# North Korean AN-2 Gets New Paint Scheme



## tomahawk6 (11 Apr 2015)

Biplane's you might think are obsolete.Yet they are front and center in the bag of tricks available to the regime for infiltrating troops or agents into the ROK.

http://www.bbc.com/news/blogs-news-from-elsewhere-32202641


----------



## jollyjacktar (11 Apr 2015)

Well if it works, it works.  Understandable of NK to keep it up.


----------



## Colin Parkinson (13 Apr 2015)

Amazing aircraft these things are https://www.youtube.com/watch?v=kNa8BACnVbE

remind me of a big Lysander


----------



## Spencer100 (13 Apr 2015)

It is a great plane

Does Jong-un look to be getting even fatter in that pic?


----------



## jollyjacktar (13 Apr 2015)

Colin P said:
			
		

> Amazing aircraft these things are https://www.youtube.com/watch?v=kNa8BACnVbE
> 
> remind me of a big Lysander



I thought the same, perhaps a Storch as well.


----------



## Colin Parkinson (13 Apr 2015)

Spencer100 said:
			
		

> It is a great plane
> 
> Does Jong-un look to be getting even fatter in that pic?

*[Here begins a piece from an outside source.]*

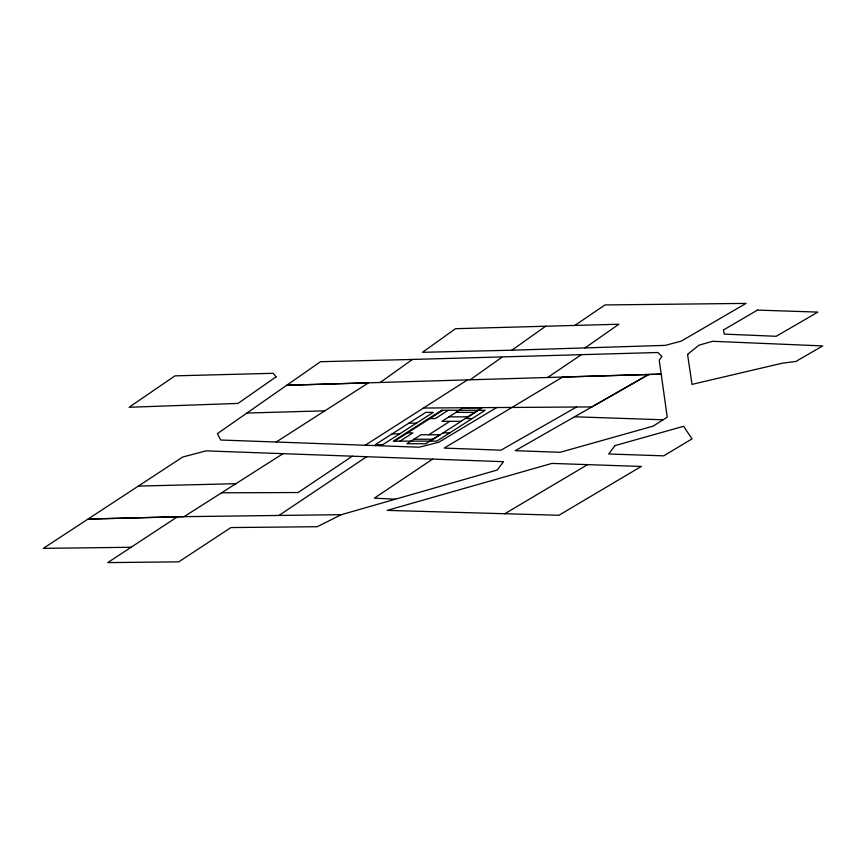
<?xml version="1.0" encoding="UTF-8"?>
<svg xmlns="http://www.w3.org/2000/svg" width="866" height="866" viewBox="0 0 866 866"><rect width="100%" height="100%" fill="white"/><g stroke="black" fill="none" stroke-linecap="round" stroke-linejoin="round"><path stroke-width="1.3" d="M380.185 382.491L412.454 359.455L657.824 352.505L661.927 356.478L659.221 360.126L667.242 417.174L653.116 426.137L560.161 452.301L515.248 450.677L648.623 374.491L591.868 406.923L423.463 408.027M470.13 379.806L501.782 357.355M585.037 347.905L618.887 324.23L455.538 328.701L422.456 352.31L511.86 350.21L545.677 326.233M496.651 407.55L438.856 442.212L419.209 447.202L220.7 440.015L217.377 433.66L320.496 361.707L412.454 359.455M574.84 325.432L604.988 304.94L746.027 303.403L681.326 341.096L665.38 345.361L511.86 350.21M547.691 377.489L581.021 354.887M352.354 456.198L298.066 492.538L221.555 492.808M278.96 515.454L366.675 456.718M432.621 459.11L374.339 498.156L395.405 499.195M341.334 514.675L177.53 516.742L107.763 562.597L178.732 561.861L230.93 527.567L317.183 526.712L341.334 514.675L497.246 470.022L503.503 461.686L206.032 450.872L182.694 457.031L43.3 548.362L131.102 547.269M276.189 442.017L368.548 382.826L286.765 385.262L661.202 374.112L562.629 377.046L444.193 448.101L501.003 450.168L576.54 407.02M365.203 445.243L467.532 379.882M394.55 441.162L442.851 410.3M399.951 441.162L412.876 432.892L407.485 432.903M448.242 410.3L435.317 418.559L429.915 418.57M428.822 434.764L449.855 421.331M439.82 434.754L425.791 443.717L406.901 443.728L420.919 434.775L440.166 434.754M460.842 421.32L481.875 407.886L462.985 407.897L441.952 421.331L461.199 421.32L430.175 441.14M478.476 410.278L465.54 418.538L472.219 418.538M283.063 453.665L184.079 516.656L88.029 519.07L177.53 516.742M504.781 513.733L587.603 464.631M246.94 413.039L324.847 410.83M138.333 486.097L235.877 483.683M455.971 412.378L474.871 412.368M448.967 416.86L467.856 416.838M408.914 423.149L416.47 423.138M443.111 432.87L449.79 432.87M392.092 433.898L399.648 433.888M413.916 439.246L432.805 439.235M574.591 416.784L663.139 419.783M614.871 445.644L608.69 453.99L663.724 455.852L692.021 438.867L683.599 426.299L614.871 445.644M688.34 353.696L687.615 354.649L692.01 384.385L782.344 363.179L795.951 361.436L822.7 345.913L712.675 341.301L699.046 345.155L688.34 353.696M276.059 376.862L238.009 403.415L129.099 407.269L174.954 375.866L273.158 373.3L276.059 376.862M425.747 412.4L375.27 444.648L382.826 444.637L433.303 412.389L425.747 412.4M441.563 410.3L393.272 441.162L436.854 441.13L485.155 410.278L441.563 410.3M757.436 310.093L723.424 330.011L724.29 334.114L776.174 336.3L817.861 312.106L757.436 310.093M641.262 466.449L558.938 515.259L387.134 510.388L551.859 463.418L641.262 466.449"/></g></svg>
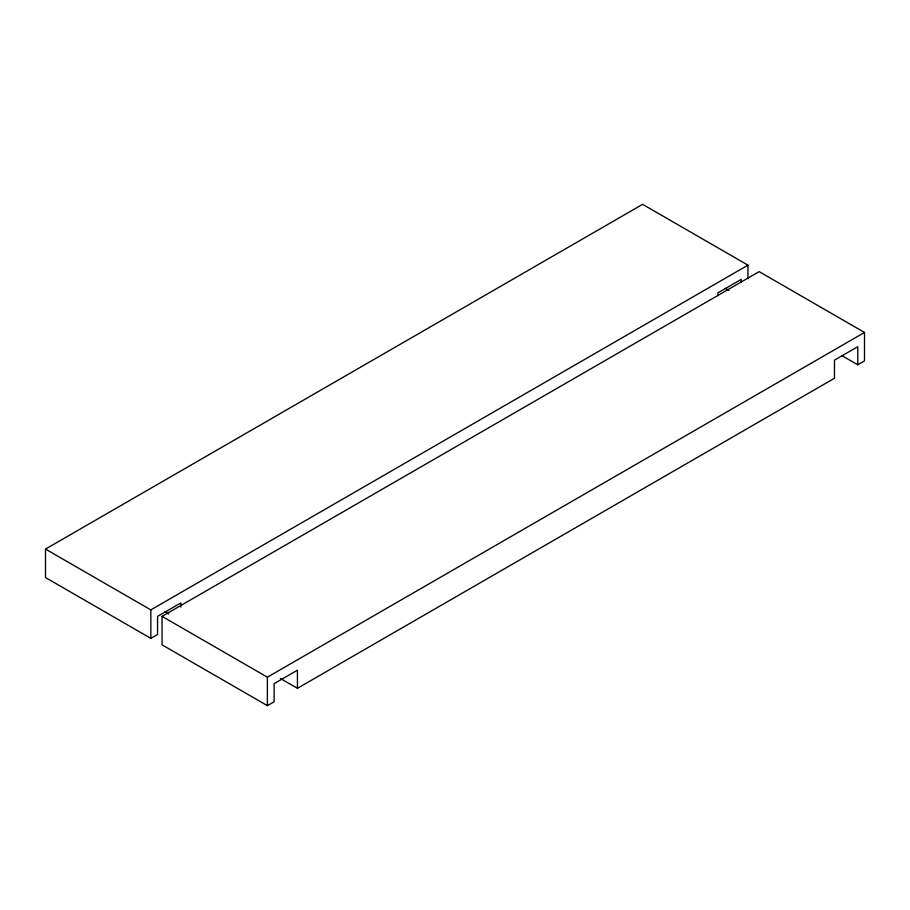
<?xml version="1.0" encoding="UTF-8"?>
<svg xmlns="http://www.w3.org/2000/svg" width="910" height="910" viewBox="0 0 910 910"><rect width="100%" height="100%" fill="white"/><g stroke="black" fill="none" stroke-linecap="round" stroke-linejoin="round"><path stroke-width="1.36" d="M180.874 607.095L180.874 602.909L157.567 616.366L157.567 634.486L150.844 638.365L45.5 577.543L45.5 549.083L642.608 204.34L747.952 265.163L747.952 278.722M45.5 549.083L150.844 609.893L747.952 265.163M280.28 678.416L297.433 688.313L297.433 670.204L274.126 683.66L274.126 701.781L267.392 705.659L162.048 644.837L162.048 616.366L759.156 271.635L864.5 332.457L864.5 360.917L857.777 364.808L841.852 355.617M162.048 616.366L267.392 677.188L864.5 332.457M297.433 688.313L834.47 378.264L834.47 360.144L857.777 346.687L857.777 364.808M725.304 288.322L728.978 290.438M164.96 611.838L168.634 613.954M741.229 282.18L741.229 279.393L717.91 292.861L717.91 295.648M267.392 677.188L267.392 705.659M150.844 609.893L150.844 638.365"/></g></svg>

He is just showing that there is plentiful food for everyone in his paradise and now it's off to re-education camp for you for noticing and mentioning anything about our Dear Leader!!!  8)


----------



## Retired AF Guy (13 Apr 2015)

Colin P said:
			
		

> Amazing aircraft these things are https://www.youtube.com/watch?v=kNa8BACnVbE
> 
> remind me of a big Lysander



And the fact that they are mostly of wood construction makes them hard to pick up on radar. On the other hand they are slow and loud.


----------



## jollyjacktar (13 Apr 2015)

Retired AF Guy said:
			
		

> On the other hand they are slow and loud.



Ah, proper Zoomies then.   >


----------



## jollyjacktar (13 Apr 2015)

Another "interesting" Russian video.  https://youtu.be/ThoZNxy2JZk


----------